LOVE: We hate to lose any residences, especially if they’re primary residences. That’s important. It hurts us when something like that happens.

HOOD: At our third stop we get to see just how random the path of the fire is…

HOOD IN SCENE NARRATION:So now I’m standing in a parking lot along Highway 14. There’s a tin steel roof and some rubble underneath…It’s amazing to me it’s flattened and you see some black around it, then there’s still weeds growing inbetween the panes of cement.

LOVE: Absolutely. Not only did this building get destroyed, but take a look at the information kiosk, it’s all wood, with wood singles. That right there shows the fickleness of forest fires. That’s what we have as these challenges to try to keep ahead and on top of things like that.

HOOD: Fickleness and intensity, that thing is flattened…

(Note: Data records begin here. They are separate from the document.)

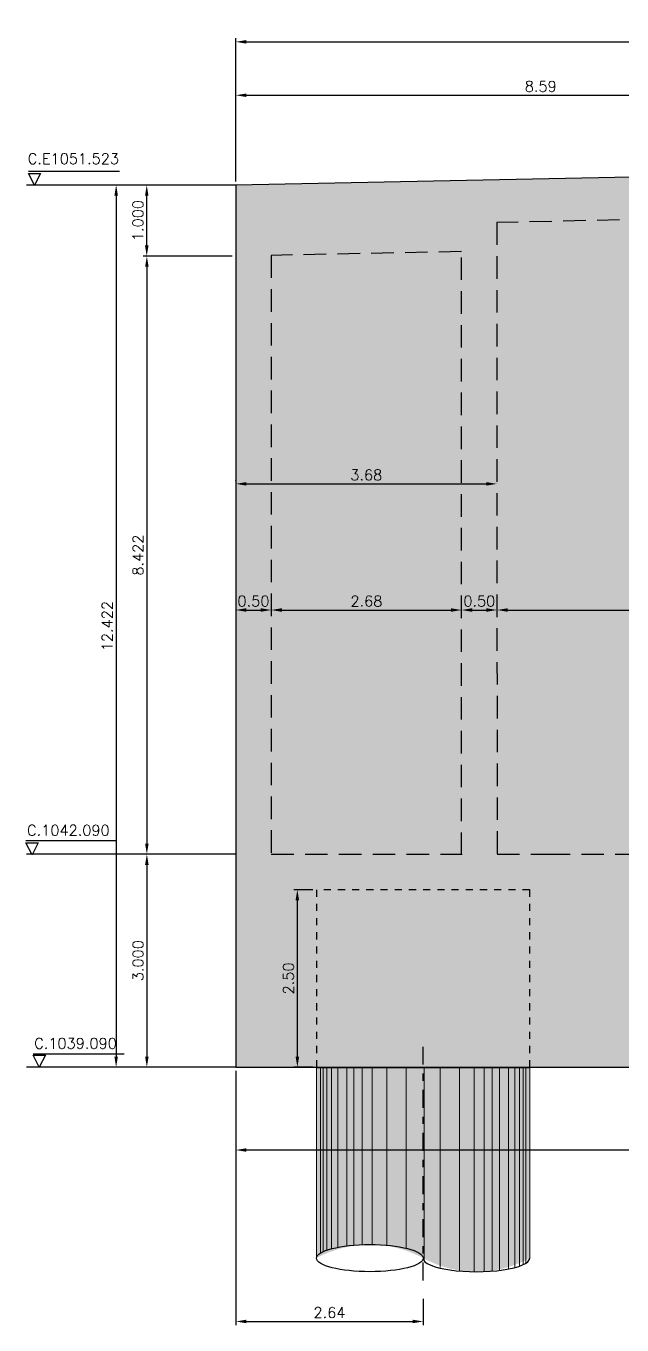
# Model space of a CAD drawing. Header units: metres. Extents: x 1080427 to 1081241, y 976768 to 977191.
# Drawn here: x 1080815.93 to 1080824.33, y 977058.74 to 977077.03 of the extents above; entities that cross this region are included whole.
import ezdxf

# ---------------------------------------------------------------- set-up
doc = ezdxf.new("R2010")
doc.units = ezdxf.units.M
doc.header["$LTSCALE"] = 25.4
doc.linetypes.add('DASHDOT', pattern=[1, 0.5, -0.25, 0, -0.25])
doc.linetypes.add('HIDDEN', pattern=[0.375, 0.25, -0.125])
for name, color, linetype in [('CONTRAPESO', 3, 'Continuous'), ('COT', 1, 'Continuous'), ('DIMCONTRAPESO', 1, 'Continuous'), ('PROY', 9, 'HIDDEN'), ('PROYECC', 251, 'HIDDEN')]:
    doc.layers.add(name, color=color, linetype=linetype)
for name, color, linetype, lineweight in [('COTA', 1, 'Continuous', 30), ('EJEPILOTE', 145, 'DASHDOT', 30), ('OTROS', 8, 'Continuous', 5), ('SOLIDOREFCONT', 254, 'Continuous', 5)]:
    doc.layers.add(name, color=color, linetype=linetype, lineweight=lineweight)
doc.styles.add('romans', font='romans.shx')
doc.dimstyles.new('Copy 75', dxfattribs={"dimtxt": 0.15, "dimasz": 0.15, "dimexe": 0.05, "dimexo": 0.05, "dimgap": 0.05, "dimtad": 1, "dimzin": 0, "dimdsep": 46, "dimtxsty": 'romans', "dimcen": 0.002, "dimclrd": 1, "dimclre": 1, "dimclrt": 3, "dimadec": 4, "dimazin": 0, "dimtfac": 1, "dimtofl": 0, "dimtmove": 1, "dimatfit": 3, "dimfxl": 1, "dimtolj": 1, "dimtzin": 0, "dimarcsym": 1})

# ---------------------------------------------------------------- blocks, each defined once
blk = doc.blocks.new('PILOTE')
h = blk.add_hatch(color=256)
h.dxf.hatch_style = 1
h.set_gradient(color1=(51, 51, 51), color2=(173, 173, 173), tint=1, name='INVCYLINDER')
edge = h.paths.add_edge_path()
edge.add_line((1080656.416834545, 977060.1590362525), (1080656.416834545, 977062.8369320101))
edge.add_line((1080656.416834545, 977062.8369320101), (1080659.417876804, 977062.8369320101))
edge.add_line((1080659.417876804, 977062.8369320101), (1080659.417876804, 977060.1590362525))
edge.add_arc((1080658.66761624, 977061.5370580803), 1.569023604932751, 241.43402734232131, 298.56597265767874, ccw=False)
edge.add_arc((1080657.16709511, 977058.7797854457), 1.570103086822714, 61.45547212311708, 118.5445278768829)
at = {"layer": 'COT'}
blk.add_ellipse((1080657.16709511, 977060.1590362525), major_axis=(0.7502605647517244, 0), ratio=0.2543813295763042, dxfattribs=at)
blk.add_ellipse((1080658.66761624, 977060.1590362525), major_axis=(0.7502605647517244, 0), ratio=0.2543813295763042, start_param=3.141592653589792, end_param=6.283185307179586, dxfattribs=at)
at = {"layer": 'EJEPILOTE', "ltscale": 0.02}
blk.add_line((1080657.918716831, 977059.8447110992), (1080657.918716831, 977063.1356790137), dxfattribs=at)
at = {"layer": 'OTROS'}
for p, q in [((1080656.472292364, 977062.8369320101), (1080656.472292364, 977060.2310491129)), ((1080656.510527515, 977062.8369320101), (1080656.510527515, 977060.2513910077)), ((1080656.561507698, 977062.8369320101), (1080656.561507698, 977060.2717001326)), ((1080656.625232968, 977062.8369320101), (1080656.625232968, 977060.2910394119)), ((1080656.714448302, 977062.8369320101), (1080656.714448302, 977060.3112408698)), ((1080656.841898815, 977062.8369320101), (1080656.841898815, 977060.3310285627)), ((1080656.943859208, 977062.8369320101), (1080656.943859208, 977060.3412444418)), ((1080657.058564661, 977062.8369320101), (1080657.058564661, 977060.3478811213)), ((1080657.198760206, 977062.8369320101), (1080657.198760206, 977060.3497184741)), ((1080657.405764051, 977062.8369320101), (1080657.405764051, 977060.3399741807)), ((1080657.679471079, 977062.8369320101), (1080657.679471079, 977060.2984506316)), ((1080657.932716831, 977062.8369320101), (1080657.932716831, 977060.1206139127)), ((1080658.155240271, 977062.8369320101), (1080658.155240271, 977060.0266473495)), ((1080658.428947299, 977062.8369320101), (1080658.428947299, 977059.9780983244)), ((1080658.635951144, 977062.8369320101), (1080658.635951144, 977059.968354031)), ((1080658.776146688, 977062.8369320101), (1080658.776146688, 977059.9701913837)), ((1080658.890852141, 977062.8369320101), (1080658.890852141, 977059.9768280633)), ((1080658.992812535, 977062.8369320101), (1080658.992812535, 977059.9870439423)), ((1080659.120263048, 977062.8369320101), (1080659.120263048, 977060.0068316353)), ((1080659.209478382, 977062.8369320101), (1080659.209478382, 977060.0266473495)), ((1080659.273203652, 977062.8369320101), (1080659.273203652, 977060.0463723725)), ((1080659.324183835, 977062.8369320101), (1080659.324183835, 977060.0666814975)), ((1080659.362418986, 977062.8369320101), (1080659.362418986, 977060.0870233923)), ((1080656.625232968, 977060.0270330932), (1080656.625232968, 977060.0266473495))]:
    blk.add_line(p, q, dxfattribs=at)
blk.add_lwpolyline([(1080656.416834545, 977060.1590362525), (1080656.416834545, 977062.8369320101), (1080659.417876804, 977062.8369320101), (1080659.417876804, 977060.1590362525)], dxfattribs=at)
blk = doc.blocks.new('*D259')
at = {"layer": 'COTA', "color": 1, "lineweight": -2, "transparency": 16777216}
for p, q in [((1080818.887870667, 977074.8403397719), (1080818.887870667, 977076.8566790834)), ((1080819.037870667, 977076.8066790834), (1080835.917961433, 977076.8066790834)), ((1080836.067961433, 977075.1838015871), (1080836.067961433, 977076.8566790834))]:
    blk.add_line(p, q, dxfattribs=at)
at = {"layer": 'COTA', "color": 1, "transparency": 16777216}
for points in [[(1080819.037870667, 977076.8316790834), (1080819.037870667, 977076.7816790834), (1080818.887870667, 977076.8066790834)], [(1080835.917961433, 977076.8316790834), (1080835.917961433, 977076.7816790834), (1080836.067961433, 977076.8066790834)]]:
    blk.add_solid(points, dxfattribs=at)
at = {"layer": 'Defpoints', "color": 0, "transparency": 16777216}
for p in [(1080836.067961433, 977076.8066790834), (1080836.067961433, 977075.133801587), (1080818.887870667, 977074.7903397719)]:
    blk.add_point(p, dxfattribs=at)
at = {"layer": 'COTA', "color": 3, "transparency": 16777216, "insert": (1080827.47791605, 977076.9316790834), "char_height": 0.15, "attachment_point": 5, "style": 'romans'}
blk.add_mtext('\\A1;17.18', dxfattribs=at)
blk = doc.blocks.new('*D262')
at = {"layer": 'COTA', "color": 1, "lineweight": -2, "transparency": 16777216}
blk.add_line((1080819.037870667, 977068.8062600595), (1080819.237892481, 977068.8062600595), dxfattribs=at)
at = {"layer": 'COTA', "color": 1, "transparency": 16777216}
for points in [[(1080819.037870667, 977068.8312600595), (1080819.037870667, 977068.7812600594), (1080818.887870667, 977068.8062600595)], [(1080819.237892481, 977068.8312600595), (1080819.237892481, 977068.7812600594), (1080819.387892481, 977068.8062600595)]]:
    blk.add_solid(points, dxfattribs=at)
at = {"layer": 'Defpoints', "color": 0, "transparency": 16777216}
for p in [(1080818.887870667, 977068.8062600595), (1080819.387892481, 977068.8062600595), (1080819.387892481, 977068.8062600595)]:
    blk.add_point(p, dxfattribs=at)
at = {"layer": 'COTA', "color": 3, "transparency": 16777216, "insert": (1080819.137881574, 977068.9312600595), "char_height": 0.15, "attachment_point": 5, "style": 'romans'}
blk.add_mtext('\\A1;0.50', dxfattribs=at)
blk = doc.blocks.new('*D263')
at = {"layer": 'COTA', "color": 1, "lineweight": -2, "transparency": 16777216}
for p, q in [((1080819.387892481, 977068.7562600594), (1080819.387892481, 977068.7562192818)), ((1080819.537892481, 977068.8062192819), (1080821.91785715, 977068.8062192819))]:
    blk.add_line(p, q, dxfattribs=at)
at = {"layer": 'COTA', "color": 1, "transparency": 16777216}
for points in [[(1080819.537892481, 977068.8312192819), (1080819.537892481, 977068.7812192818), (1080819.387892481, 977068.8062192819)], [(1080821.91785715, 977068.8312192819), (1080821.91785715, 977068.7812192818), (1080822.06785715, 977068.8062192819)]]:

LOVE; It is. Even if you look around there’s green. Within 15 feet of where you and I are standing now, beautiful green trees, however things are also black.


Our fourth---and last—stop is miles further up the canyon at the Gateway Natural Area. This lush green area is the polar opposite to what we can see just 100 yards away

HOOD IN SCENE NARRATION: You know it’s scorched along Highway 14, but when we come to this natural area, it’s business as usual. It looks exactly like it did before. Love says that he wants people to know that areas like this are still very much a concern…

LOVE: Green islands like this can reburn if an ember gets going again. And it can reburn just as fierce as the first time the fire came through.

HOOD: Those embers could be anywhere right now in the canyon, according to Love. And that means that the more than 1900 personnel working in this area aren’t going to be calling it quits any time soon.